Applying for a job? Then tidy up your online social media profile

Have you ever Googled yourself? If you are applying for a job, you should, as it is more than likely your prospective employers will. You can control a lot of what they see (and don’t see) online by what you show on your social networking sites. Here’s a quick guide on what to look out for on each of your social media accounts:


Firstly, make sure you have a LinkedIn profile. If you have one but you have not been on the site for a while, ensure you have an up-to-date profile with all relevant jobs listed, and a current picture. Having references from the right people can make a big difference, as can the types of items you post on your updates and the kind of people you are linking up with.

You can also use LinkedIn to find out about the people interviewing you and the company you are joining, which may be able to give you a head start when you meet with them.
Don’t forget to join relevant groups where you can talk to like-minded people and make important industry contacts.


The stories of pictures posted on Facebook of wild college parties in the U.S. coming between candidates and their jobs are legendary, so it is useful to know who can see which parts of your Facebook profile.

Firstly it is important to decide on whether you want colleagues or prospective employers to be able see your Facebook profile or not. Many Facebook profiles contain photos, videos and status updates that can tell an employer or prospective employer a lot about someone’s character.

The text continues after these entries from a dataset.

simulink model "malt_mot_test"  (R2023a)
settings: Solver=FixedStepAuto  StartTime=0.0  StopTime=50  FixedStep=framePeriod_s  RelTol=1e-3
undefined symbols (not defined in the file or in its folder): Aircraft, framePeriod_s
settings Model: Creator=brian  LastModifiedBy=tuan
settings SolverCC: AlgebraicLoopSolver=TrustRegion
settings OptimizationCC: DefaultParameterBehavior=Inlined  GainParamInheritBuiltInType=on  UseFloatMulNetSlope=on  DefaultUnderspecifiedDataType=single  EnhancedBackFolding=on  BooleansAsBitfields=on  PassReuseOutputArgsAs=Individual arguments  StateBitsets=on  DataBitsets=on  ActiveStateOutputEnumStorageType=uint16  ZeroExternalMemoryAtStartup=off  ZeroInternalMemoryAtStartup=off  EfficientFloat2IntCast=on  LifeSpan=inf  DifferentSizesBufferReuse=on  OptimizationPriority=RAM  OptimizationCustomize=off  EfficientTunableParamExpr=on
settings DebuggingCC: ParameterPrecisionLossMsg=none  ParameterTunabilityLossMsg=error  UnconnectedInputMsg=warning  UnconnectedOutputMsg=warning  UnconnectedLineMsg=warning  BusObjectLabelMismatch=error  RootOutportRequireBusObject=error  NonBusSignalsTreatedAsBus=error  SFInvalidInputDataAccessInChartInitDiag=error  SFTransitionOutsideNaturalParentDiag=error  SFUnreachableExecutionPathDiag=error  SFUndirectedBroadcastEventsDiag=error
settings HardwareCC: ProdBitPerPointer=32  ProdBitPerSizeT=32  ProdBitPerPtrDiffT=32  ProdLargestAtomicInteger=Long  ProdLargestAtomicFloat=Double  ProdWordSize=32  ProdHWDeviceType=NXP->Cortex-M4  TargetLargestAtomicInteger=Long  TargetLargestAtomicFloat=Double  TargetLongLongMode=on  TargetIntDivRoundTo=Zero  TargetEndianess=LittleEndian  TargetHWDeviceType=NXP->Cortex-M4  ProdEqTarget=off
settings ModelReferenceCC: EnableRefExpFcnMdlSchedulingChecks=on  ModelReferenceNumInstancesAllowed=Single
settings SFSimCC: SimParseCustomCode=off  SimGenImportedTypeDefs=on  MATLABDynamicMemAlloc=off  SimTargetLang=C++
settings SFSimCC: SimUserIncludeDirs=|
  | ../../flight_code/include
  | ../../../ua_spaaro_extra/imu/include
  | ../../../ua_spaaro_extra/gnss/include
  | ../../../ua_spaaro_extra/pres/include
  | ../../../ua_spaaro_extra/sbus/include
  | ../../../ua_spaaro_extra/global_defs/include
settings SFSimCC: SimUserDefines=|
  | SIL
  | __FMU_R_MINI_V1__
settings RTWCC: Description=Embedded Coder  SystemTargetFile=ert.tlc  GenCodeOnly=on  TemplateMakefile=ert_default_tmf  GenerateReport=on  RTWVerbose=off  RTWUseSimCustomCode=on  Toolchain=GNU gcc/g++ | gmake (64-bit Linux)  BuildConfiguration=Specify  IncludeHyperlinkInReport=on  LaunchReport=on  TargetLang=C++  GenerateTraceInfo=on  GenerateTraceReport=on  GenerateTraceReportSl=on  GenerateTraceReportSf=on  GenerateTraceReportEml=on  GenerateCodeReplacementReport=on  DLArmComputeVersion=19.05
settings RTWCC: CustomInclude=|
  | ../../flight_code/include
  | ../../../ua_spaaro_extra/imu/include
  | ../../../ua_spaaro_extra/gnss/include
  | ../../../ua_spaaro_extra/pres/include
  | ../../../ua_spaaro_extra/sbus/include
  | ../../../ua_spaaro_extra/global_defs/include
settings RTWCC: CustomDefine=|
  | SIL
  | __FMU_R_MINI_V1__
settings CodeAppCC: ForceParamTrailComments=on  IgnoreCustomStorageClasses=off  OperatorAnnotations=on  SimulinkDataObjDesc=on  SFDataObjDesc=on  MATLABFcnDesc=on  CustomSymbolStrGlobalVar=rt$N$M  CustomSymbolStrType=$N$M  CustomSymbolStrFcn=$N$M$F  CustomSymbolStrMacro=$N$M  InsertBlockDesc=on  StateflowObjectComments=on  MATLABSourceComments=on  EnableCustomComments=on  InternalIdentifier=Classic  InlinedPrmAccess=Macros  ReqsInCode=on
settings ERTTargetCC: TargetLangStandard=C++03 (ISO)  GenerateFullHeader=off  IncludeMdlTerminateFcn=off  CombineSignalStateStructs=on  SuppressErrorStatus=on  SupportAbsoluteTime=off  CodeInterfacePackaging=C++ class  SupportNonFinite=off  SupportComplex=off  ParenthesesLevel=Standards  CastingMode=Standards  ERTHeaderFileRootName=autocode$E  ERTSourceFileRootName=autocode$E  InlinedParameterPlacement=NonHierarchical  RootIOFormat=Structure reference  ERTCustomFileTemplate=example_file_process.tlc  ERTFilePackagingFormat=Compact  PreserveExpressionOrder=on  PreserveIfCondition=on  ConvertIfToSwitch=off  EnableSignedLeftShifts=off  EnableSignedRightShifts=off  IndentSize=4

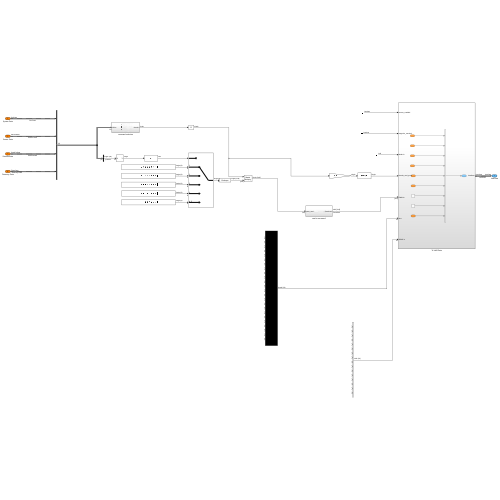
[thumbnail: Simulink's stored preview of the top-level diagram]
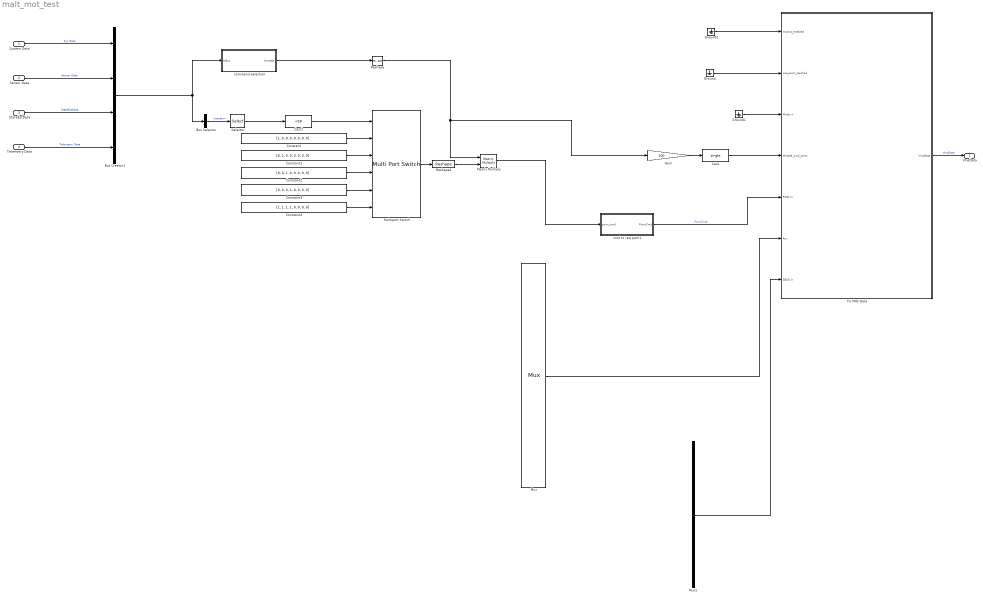
== system malt_mot_test ==
  System Data : Inport  OutDataTypeStr=Bus: SysData  SampleTime=framePeriod_s  BusOutputAsStruct=on
  Sensor Data : Inport  Port=2  OutDataTypeStr=Bus: SensorData  SampleTime=framePeriod_s  BusOutputAsStruct=on
  StateEstData : Inport  Port=3  OutDataTypeStr=Bus: StateEstData  SampleTime=framePeriod_s  BusOutputAsStruct=on
  Telemetry Data : Inport  Port=4  OutDataTypeStr=Bus: TelemData  SampleTime=framePeriod_s  BusOutputAsStruct=on
  Bus Creator1 : BusCreator  Inputs=4
  Bus Selector : BusSelector  OutputSignals=Telemetry Data.param
  Cast : DataTypeConversion  OutDataTypeStr=single  SaturateOnIntegerOverflow=off  RndMeth=Floor
  Cast1 : DataTypeConversion  OutDataTypeStr=int8  SaturateOnIntegerOverflow=off  RndMeth=Floor
  Constant : Constant  Value=[1, 0, 0, 0, 0, 0, 0, 0]  OutDataTypeStr=single  SampleTime=framePeriod_s
  Constant1 : Constant  Value=[0, 1, 0, 0, 0, 0, 0, 0]  OutDataTypeStr=single  SampleTime=framePeriod_s
  Constant2 : Constant  Value=[0, 0, 1, 0, 0, 0, 0, 0]  OutDataTypeStr=single  SampleTime=framePeriod_s
  Constant3 : Constant  Value=[0, 0, 0, 1, 0, 0, 0, 0]  OutDataTypeStr=single  SampleTime=framePeriod_s
  Constant4 : Constant  Value=[1, 1, 1, 1, 0, 0, 0, 0]  OutDataTypeStr=single  SampleTime=framePeriod_s
  Gain : Gain  Gain=100
  Ground : Ground
  Ground1 : Ground
  Ground2 : Ground
  Matrix Multiply : Product  Multiplication=Matrix(*)
  Multiport Switch : MultiPortSwitch  DataPortOrder=Specify indices  DataPortIndices={1, 2, 3, 4, 0}  SaturateOnIntegerOverflow=off  InputSameDT=off
  Mux : Mux  Inputs=24
  Mux1 : Mux  Inputs=16
  Reshape : Reshape  OutputDimensionality=Customize
  Reshape1 : Reshape  OutputDimensionality=Customize  OutputDimensions=[1,8]
  Selector : Selector  IndexMode=Zero-based  InputPortWidth=24  IndexOptions=Index vector (dialog)  Indices=0  OutputSizes=1
  To VMS Data : Subsystem
  cmd to raw pwm1 : Subsystem
  command selection : Subsystem
  VmsData : Outport  OutDataTypeStr=Bus: VmsData  SampleTime=framePeriod_s  BusOutputAsStruct=on
  wires:
  To VMS Data/1(VmsData) -> VmsData/1  "VmsData"
  Ground1/1 -> To VMS Data/3(Mode in)
  Ground2/1 -> To VMS Data/1(motors_enabled)
  Cast/1 -> To VMS Data/4(throttle_cmd_prcnt)
  Reshape/1 -> Gain/1, Matrix Multiply/1
  Gain/1 -> Cast/1
  command selection/1(throttle) -> Reshape/1
  Bus Creator1/1 -> Bus Selector/1, command selection/1(InBus)
  cmd to raw pwm1/1(PwmCmd) -> To VMS Data/5(PWM In)  "PwmCmd"
  Matrix Multiply/1 -> cmd to raw pwm1/1(pwm_cmd)
  Mux/1 -> To VMS Data/6(Aux)
  System Data/1 -> Bus Creator1/1  "Sys Data"
  Sensor Data/1 -> Bus Creator1/2  "Sensor Data"
  StateEstData/1 -> Bus Creator1/3  "StateEstData"
  Mux1/1 -> To VMS Data/7(SBUS in)
  Telemetry Data/1 -> Bus Creator1/4  "Telemetry Data"
  Ground/1 -> To VMS Data/2(waypoint_reached)
  Bus Selector/1 -> Selector/1  "<param>"
  Selector/1 -> Cast1/1
  Constant/1 -> Multiport Switch/2
  Constant1/1 -> Multiport Switch/3
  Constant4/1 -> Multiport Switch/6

If you decide to keep it private, then make sure the site is fully “locked down” so that no one but your “friends” can see your pictures, videos or posts or any personal information. (To do this go to the top right of your Facebook page and move your mouse over the down arrow and click on “privacy settings”. Then click on each category and decide who can see or add things to your Facebook account).

If you decide to let in work colleagues, remember to be professional, watch what people post about you and the content you put up about yourself. It may be worth “editing” some of the content to show a more professional you.

Facebook can be useful to “reach out” in a more personal manner to work contacts or colleagues, but can come at a cost of self-censorship, so the positives and negatives need to be weighed up.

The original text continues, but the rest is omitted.